WORK TASK —
Looking at the listing below, retype exactly the lines starting at the one containing "2021-04-28 adding dan's make_lut" and ending at the one containing "2021-05-10 make_lut now in alles_util", both included, and nothing else.

..........

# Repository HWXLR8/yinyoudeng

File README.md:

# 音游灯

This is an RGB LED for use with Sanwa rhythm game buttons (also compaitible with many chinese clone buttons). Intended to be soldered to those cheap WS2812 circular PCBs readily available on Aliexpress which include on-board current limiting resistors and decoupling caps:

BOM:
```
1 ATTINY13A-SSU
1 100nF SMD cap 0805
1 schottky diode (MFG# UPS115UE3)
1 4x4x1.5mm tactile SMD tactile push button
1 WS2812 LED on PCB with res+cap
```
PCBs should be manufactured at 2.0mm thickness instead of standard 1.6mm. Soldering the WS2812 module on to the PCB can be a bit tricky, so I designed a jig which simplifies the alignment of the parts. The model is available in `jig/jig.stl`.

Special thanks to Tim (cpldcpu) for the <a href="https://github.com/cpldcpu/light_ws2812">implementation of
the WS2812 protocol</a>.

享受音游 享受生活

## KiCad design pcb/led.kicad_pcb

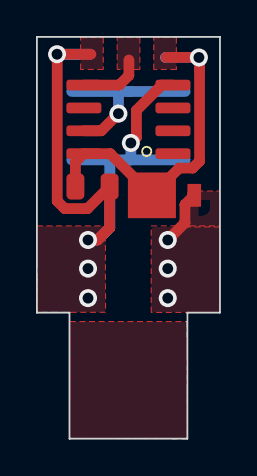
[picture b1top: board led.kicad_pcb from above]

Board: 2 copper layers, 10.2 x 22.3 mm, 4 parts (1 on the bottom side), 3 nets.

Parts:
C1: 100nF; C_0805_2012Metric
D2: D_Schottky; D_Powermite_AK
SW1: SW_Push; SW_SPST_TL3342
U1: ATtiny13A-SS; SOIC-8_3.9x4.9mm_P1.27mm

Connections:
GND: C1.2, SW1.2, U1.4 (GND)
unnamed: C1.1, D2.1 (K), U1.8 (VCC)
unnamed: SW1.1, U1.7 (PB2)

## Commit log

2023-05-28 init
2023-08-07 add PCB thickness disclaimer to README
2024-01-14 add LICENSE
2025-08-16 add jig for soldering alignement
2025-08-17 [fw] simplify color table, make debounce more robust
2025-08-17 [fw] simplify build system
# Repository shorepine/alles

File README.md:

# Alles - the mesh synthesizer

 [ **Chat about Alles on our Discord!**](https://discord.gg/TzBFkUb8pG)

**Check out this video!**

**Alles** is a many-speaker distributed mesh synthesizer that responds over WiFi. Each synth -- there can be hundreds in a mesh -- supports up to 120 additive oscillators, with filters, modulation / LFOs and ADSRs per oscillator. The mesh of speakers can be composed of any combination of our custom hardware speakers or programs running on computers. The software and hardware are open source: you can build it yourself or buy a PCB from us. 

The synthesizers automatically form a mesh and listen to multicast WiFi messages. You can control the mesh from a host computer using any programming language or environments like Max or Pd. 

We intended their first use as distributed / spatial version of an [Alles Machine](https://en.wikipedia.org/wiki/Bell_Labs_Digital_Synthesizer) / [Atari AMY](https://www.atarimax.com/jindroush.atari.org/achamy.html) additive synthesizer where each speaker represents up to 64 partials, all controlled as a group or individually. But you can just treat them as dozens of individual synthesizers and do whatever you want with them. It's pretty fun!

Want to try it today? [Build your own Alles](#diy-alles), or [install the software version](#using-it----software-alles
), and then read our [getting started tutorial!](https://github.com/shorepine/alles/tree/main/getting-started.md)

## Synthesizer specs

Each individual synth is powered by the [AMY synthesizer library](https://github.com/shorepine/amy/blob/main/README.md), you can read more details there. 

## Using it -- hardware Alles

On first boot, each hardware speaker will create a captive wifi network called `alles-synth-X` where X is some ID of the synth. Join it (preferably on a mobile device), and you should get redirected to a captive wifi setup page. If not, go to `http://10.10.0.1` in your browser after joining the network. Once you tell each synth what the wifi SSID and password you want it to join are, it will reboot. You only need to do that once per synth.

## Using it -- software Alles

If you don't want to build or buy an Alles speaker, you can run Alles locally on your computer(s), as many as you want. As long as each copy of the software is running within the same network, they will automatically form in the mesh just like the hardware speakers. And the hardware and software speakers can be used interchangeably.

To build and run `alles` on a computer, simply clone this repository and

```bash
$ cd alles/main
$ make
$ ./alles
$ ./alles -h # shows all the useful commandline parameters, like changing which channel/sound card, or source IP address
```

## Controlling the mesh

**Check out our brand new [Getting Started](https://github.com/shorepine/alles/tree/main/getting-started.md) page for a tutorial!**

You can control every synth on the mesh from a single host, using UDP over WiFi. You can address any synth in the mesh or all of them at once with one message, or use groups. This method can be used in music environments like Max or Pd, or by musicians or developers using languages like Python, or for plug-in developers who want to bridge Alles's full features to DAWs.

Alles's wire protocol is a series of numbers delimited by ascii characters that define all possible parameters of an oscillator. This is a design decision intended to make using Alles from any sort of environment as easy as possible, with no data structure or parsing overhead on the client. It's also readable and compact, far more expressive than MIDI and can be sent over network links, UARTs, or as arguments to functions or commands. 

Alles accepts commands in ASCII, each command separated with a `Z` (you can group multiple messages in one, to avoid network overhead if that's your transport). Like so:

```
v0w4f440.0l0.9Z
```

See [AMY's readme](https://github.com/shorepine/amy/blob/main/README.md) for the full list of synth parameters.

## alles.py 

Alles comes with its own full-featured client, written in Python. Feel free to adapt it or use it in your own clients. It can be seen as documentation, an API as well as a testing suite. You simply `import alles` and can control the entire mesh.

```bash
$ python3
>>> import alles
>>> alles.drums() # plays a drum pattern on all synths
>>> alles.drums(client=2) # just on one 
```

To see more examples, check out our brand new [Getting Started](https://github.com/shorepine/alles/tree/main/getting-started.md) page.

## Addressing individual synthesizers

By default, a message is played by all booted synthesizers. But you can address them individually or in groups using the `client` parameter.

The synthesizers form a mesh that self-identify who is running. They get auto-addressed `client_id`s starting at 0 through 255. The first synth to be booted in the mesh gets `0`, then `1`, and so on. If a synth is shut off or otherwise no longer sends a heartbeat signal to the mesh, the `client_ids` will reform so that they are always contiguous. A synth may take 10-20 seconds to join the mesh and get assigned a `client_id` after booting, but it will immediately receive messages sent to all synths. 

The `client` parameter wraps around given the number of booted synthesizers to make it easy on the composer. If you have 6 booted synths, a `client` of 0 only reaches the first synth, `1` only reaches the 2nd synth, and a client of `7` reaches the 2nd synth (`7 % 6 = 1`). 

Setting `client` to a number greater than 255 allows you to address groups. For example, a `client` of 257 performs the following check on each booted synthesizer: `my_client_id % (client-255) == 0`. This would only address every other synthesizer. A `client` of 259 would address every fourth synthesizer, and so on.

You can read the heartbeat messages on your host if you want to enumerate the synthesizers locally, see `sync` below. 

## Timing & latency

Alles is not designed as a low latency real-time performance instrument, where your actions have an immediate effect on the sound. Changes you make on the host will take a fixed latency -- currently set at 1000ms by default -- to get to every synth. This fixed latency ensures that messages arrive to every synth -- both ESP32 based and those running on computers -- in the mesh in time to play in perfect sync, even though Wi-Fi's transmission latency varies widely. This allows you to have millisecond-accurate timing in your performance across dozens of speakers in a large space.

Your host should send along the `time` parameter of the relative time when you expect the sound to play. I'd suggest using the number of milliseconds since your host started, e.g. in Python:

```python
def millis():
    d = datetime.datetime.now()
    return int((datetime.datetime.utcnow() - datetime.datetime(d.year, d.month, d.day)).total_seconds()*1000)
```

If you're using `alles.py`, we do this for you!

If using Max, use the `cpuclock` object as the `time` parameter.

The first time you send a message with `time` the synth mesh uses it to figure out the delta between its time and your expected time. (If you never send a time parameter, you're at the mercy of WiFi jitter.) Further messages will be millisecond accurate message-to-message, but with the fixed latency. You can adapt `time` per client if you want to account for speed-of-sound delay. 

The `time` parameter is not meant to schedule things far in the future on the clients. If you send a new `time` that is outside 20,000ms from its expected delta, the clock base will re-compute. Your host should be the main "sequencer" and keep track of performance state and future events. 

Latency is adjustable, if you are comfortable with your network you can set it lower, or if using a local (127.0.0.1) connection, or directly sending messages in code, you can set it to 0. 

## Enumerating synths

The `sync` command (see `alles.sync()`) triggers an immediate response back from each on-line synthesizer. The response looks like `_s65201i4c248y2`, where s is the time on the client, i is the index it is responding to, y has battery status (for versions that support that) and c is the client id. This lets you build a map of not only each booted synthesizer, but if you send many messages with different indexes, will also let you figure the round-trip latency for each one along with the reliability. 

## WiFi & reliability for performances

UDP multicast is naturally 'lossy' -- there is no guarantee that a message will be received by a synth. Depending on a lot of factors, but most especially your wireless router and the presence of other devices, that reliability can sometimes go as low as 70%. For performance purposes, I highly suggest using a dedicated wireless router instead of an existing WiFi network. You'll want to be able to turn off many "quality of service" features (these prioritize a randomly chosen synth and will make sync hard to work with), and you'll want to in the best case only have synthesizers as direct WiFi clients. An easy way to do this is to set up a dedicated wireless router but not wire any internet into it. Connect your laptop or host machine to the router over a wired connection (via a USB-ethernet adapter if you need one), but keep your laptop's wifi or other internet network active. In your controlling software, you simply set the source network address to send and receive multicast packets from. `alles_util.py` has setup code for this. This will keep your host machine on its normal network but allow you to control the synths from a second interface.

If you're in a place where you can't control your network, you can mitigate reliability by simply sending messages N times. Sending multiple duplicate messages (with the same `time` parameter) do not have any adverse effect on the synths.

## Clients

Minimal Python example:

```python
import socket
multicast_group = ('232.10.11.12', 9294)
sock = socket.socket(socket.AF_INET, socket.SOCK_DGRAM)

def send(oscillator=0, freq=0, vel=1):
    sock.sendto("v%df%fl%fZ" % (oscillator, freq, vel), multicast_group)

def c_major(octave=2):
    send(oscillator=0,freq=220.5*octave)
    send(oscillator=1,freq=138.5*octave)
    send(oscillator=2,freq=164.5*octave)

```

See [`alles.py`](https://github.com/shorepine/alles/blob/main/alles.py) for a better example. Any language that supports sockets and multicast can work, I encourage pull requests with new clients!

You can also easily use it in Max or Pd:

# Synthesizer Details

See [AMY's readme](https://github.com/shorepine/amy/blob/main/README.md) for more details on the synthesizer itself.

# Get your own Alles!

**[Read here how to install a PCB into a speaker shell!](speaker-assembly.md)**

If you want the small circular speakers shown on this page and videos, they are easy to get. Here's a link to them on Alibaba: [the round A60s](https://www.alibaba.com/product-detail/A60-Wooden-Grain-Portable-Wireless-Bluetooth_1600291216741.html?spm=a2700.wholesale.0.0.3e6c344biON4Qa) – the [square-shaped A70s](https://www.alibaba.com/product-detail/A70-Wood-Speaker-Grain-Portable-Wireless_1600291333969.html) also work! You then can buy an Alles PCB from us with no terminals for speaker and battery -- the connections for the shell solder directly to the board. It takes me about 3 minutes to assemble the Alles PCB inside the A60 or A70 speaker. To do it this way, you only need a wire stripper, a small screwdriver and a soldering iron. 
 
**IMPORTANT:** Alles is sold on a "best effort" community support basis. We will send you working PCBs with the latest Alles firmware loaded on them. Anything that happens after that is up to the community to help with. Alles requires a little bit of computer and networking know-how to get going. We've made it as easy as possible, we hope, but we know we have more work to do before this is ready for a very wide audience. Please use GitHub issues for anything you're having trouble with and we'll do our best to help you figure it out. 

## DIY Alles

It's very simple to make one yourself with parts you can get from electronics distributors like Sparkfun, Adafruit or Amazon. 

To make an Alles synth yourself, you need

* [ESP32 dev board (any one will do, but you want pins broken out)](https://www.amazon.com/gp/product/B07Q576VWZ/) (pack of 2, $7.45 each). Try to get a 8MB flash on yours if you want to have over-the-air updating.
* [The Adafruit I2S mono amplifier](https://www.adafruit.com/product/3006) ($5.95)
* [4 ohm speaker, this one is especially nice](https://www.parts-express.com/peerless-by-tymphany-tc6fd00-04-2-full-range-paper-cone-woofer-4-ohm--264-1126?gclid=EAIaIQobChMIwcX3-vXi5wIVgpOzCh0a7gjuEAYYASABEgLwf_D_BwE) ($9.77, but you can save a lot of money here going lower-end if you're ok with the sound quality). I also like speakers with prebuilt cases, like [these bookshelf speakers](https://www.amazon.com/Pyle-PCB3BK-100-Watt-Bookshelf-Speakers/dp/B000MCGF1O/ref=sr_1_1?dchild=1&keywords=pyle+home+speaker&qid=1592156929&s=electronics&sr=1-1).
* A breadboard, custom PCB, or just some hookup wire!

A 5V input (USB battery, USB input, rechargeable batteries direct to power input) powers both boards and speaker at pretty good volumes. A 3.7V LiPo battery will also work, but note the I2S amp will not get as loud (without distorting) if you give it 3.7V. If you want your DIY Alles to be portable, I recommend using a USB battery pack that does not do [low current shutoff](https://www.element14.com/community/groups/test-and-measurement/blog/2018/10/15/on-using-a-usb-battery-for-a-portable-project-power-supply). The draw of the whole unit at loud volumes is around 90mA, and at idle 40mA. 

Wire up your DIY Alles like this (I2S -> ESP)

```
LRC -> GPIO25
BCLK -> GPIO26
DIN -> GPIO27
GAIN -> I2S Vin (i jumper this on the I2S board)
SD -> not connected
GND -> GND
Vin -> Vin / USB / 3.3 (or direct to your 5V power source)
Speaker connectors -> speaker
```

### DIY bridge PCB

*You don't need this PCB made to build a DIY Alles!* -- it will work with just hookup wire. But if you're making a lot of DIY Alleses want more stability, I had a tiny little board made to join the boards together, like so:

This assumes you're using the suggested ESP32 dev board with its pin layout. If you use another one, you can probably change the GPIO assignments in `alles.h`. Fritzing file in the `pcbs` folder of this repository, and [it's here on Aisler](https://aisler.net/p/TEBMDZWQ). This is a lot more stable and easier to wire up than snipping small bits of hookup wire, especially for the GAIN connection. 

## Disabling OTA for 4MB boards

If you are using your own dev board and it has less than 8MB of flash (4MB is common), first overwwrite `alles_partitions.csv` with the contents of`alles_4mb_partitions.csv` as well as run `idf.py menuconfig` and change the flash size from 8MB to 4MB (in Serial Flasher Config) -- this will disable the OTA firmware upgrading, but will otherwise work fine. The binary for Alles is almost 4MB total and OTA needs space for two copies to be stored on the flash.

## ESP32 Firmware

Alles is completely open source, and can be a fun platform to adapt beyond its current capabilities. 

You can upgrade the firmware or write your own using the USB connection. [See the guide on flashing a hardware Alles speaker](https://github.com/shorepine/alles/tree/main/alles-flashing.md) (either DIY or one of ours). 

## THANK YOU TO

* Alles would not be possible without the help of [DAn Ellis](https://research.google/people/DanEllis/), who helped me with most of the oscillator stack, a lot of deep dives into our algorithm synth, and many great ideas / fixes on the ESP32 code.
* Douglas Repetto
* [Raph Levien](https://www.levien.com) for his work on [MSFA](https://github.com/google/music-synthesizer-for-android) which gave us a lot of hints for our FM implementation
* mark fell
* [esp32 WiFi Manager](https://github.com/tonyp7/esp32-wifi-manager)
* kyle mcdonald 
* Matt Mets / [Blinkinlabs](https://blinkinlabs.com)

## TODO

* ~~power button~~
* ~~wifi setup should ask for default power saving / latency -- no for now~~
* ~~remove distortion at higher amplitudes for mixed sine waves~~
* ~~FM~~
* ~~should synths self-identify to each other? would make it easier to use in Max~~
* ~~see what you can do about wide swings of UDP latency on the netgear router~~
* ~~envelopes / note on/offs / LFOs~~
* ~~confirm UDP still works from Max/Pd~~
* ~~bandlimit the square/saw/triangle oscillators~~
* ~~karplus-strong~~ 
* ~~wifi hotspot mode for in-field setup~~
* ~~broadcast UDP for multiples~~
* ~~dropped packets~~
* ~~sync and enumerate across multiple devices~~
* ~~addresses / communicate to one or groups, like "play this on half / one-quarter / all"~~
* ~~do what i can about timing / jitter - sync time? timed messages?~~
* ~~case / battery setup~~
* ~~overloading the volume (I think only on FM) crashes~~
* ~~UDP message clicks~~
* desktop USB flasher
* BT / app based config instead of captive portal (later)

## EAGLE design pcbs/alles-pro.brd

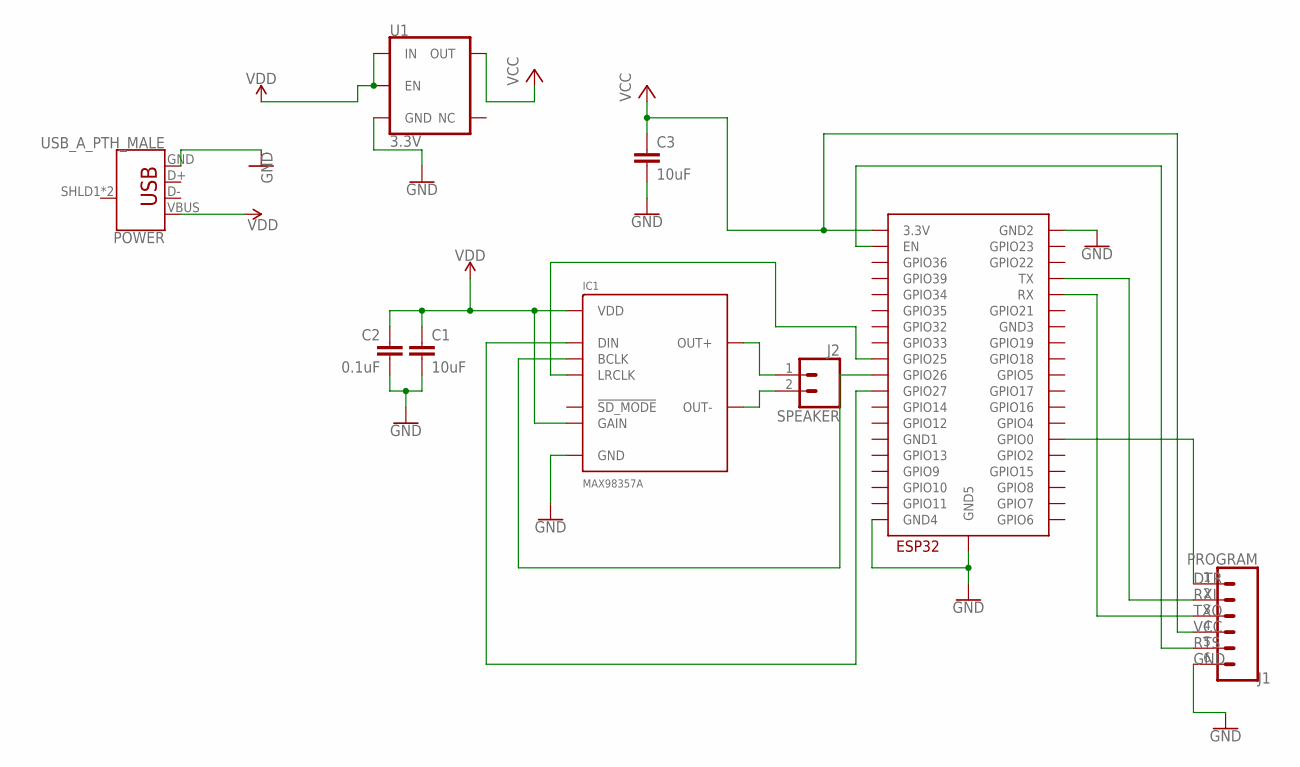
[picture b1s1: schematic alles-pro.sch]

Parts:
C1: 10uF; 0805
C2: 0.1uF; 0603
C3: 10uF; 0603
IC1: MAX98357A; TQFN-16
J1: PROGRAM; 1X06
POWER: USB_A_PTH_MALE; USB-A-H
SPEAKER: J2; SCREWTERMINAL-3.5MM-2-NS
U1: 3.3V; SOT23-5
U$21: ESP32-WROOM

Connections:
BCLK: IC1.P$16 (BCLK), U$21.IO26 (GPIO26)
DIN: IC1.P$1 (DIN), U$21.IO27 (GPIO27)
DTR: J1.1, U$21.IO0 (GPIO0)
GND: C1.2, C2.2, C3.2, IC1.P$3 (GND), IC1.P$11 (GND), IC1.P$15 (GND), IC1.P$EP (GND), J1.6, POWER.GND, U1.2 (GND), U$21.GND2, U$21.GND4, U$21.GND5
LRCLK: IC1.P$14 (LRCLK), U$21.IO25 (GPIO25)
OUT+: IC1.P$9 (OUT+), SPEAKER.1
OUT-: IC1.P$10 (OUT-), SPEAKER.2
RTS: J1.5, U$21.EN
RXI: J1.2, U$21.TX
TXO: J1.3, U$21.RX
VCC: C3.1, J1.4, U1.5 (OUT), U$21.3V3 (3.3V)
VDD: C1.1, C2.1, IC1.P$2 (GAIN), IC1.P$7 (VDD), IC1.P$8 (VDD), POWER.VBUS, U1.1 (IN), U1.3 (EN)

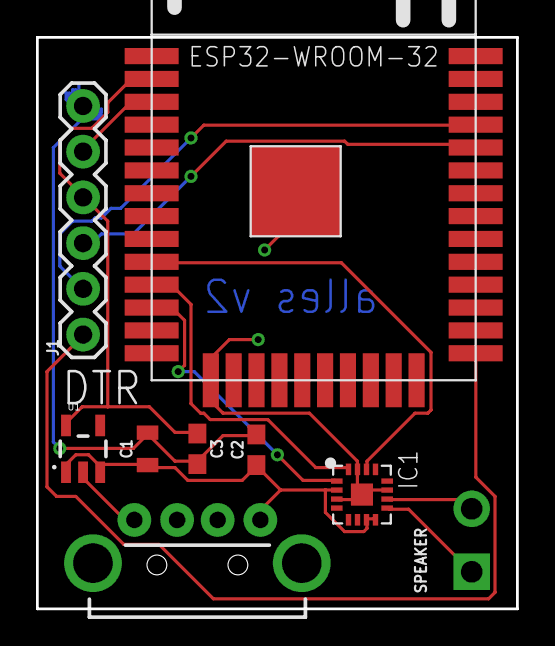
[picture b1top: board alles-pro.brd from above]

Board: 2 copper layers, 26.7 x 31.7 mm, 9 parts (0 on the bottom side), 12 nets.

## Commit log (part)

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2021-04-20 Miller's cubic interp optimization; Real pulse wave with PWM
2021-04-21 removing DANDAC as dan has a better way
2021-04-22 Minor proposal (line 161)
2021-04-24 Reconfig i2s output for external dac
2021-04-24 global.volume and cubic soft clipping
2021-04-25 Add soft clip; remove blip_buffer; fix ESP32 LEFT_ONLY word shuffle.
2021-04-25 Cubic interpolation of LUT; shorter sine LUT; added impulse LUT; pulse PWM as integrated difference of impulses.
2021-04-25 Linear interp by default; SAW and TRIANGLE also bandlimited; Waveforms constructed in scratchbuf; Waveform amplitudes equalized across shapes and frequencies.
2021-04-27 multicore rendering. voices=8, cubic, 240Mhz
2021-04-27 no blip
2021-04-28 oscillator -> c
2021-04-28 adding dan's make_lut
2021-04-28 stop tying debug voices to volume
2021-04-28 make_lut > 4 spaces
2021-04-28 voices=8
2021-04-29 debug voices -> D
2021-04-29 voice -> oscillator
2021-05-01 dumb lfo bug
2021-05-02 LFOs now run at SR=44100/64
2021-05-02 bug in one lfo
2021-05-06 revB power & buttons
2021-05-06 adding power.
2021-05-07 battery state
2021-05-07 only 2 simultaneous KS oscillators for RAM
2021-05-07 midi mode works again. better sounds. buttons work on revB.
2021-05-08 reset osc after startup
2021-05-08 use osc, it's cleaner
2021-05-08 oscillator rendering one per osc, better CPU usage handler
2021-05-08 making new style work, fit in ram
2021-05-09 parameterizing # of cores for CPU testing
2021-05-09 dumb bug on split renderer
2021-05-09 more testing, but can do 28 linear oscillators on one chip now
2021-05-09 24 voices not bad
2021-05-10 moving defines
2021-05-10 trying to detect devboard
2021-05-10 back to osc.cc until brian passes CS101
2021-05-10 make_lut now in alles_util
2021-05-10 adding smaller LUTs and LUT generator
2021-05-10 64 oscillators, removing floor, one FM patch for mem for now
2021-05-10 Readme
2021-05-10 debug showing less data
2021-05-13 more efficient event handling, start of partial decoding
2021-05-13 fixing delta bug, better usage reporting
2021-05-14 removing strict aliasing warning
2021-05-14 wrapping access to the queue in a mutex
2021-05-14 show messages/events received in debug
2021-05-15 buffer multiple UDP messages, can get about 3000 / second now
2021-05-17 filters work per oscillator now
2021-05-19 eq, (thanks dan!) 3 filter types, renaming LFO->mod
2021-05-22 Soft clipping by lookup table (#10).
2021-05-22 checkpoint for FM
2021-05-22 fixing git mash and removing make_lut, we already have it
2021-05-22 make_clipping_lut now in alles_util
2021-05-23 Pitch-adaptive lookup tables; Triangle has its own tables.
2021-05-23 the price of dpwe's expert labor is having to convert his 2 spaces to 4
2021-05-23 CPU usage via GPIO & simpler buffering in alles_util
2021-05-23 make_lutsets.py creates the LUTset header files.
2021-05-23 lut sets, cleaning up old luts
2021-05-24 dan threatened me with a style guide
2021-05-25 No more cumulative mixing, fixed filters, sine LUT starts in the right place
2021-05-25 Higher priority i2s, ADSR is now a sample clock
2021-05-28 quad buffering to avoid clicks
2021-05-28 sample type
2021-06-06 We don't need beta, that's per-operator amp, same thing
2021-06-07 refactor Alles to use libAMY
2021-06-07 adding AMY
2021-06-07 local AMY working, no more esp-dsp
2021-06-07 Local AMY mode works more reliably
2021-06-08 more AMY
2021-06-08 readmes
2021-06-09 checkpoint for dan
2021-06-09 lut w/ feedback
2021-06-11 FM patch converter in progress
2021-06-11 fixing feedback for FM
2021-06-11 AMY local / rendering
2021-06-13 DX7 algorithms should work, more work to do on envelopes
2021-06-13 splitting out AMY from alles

..........

RESPONSE FOR THIS EXERCISE —
2021-04-28 adding dan's make_lut
2021-04-28 stop tying debug voices to volume
2021-04-28 make_lut > 4 spaces
2021-04-28 voices=8
2021-04-29 debug voices -> D
2021-04-29 voice -> oscillator
2021-05-01 dumb lfo bug
2021-05-02 LFOs now run at SR=44100/64
2021-05-02 bug in one lfo
2021-05-06 revB power & buttons
2021-05-06 adding power.
2021-05-07 battery state
2021-05-07 only 2 simultaneous KS oscillators for RAM
2021-05-07 midi mode works again. better sounds. buttons work on revB.
2021-05-08 reset osc after startup
2021-05-08 use osc, it's cleaner
2021-05-08 oscillator rendering one per osc, better CPU usage handler
2021-05-08 making new style work, fit in ram
2021-05-09 parameterizing # of cores for CPU testing
2021-05-09 dumb bug on split renderer
2021-05-09 more testing, but can do 28 linear oscillators on one chip now
2021-05-09 24 voices not bad
2021-05-10 moving defines
2021-05-10 trying to detect devboard
2021-05-10 back to osc.cc until brian passes CS101
2021-05-10 make_lut now in alles_util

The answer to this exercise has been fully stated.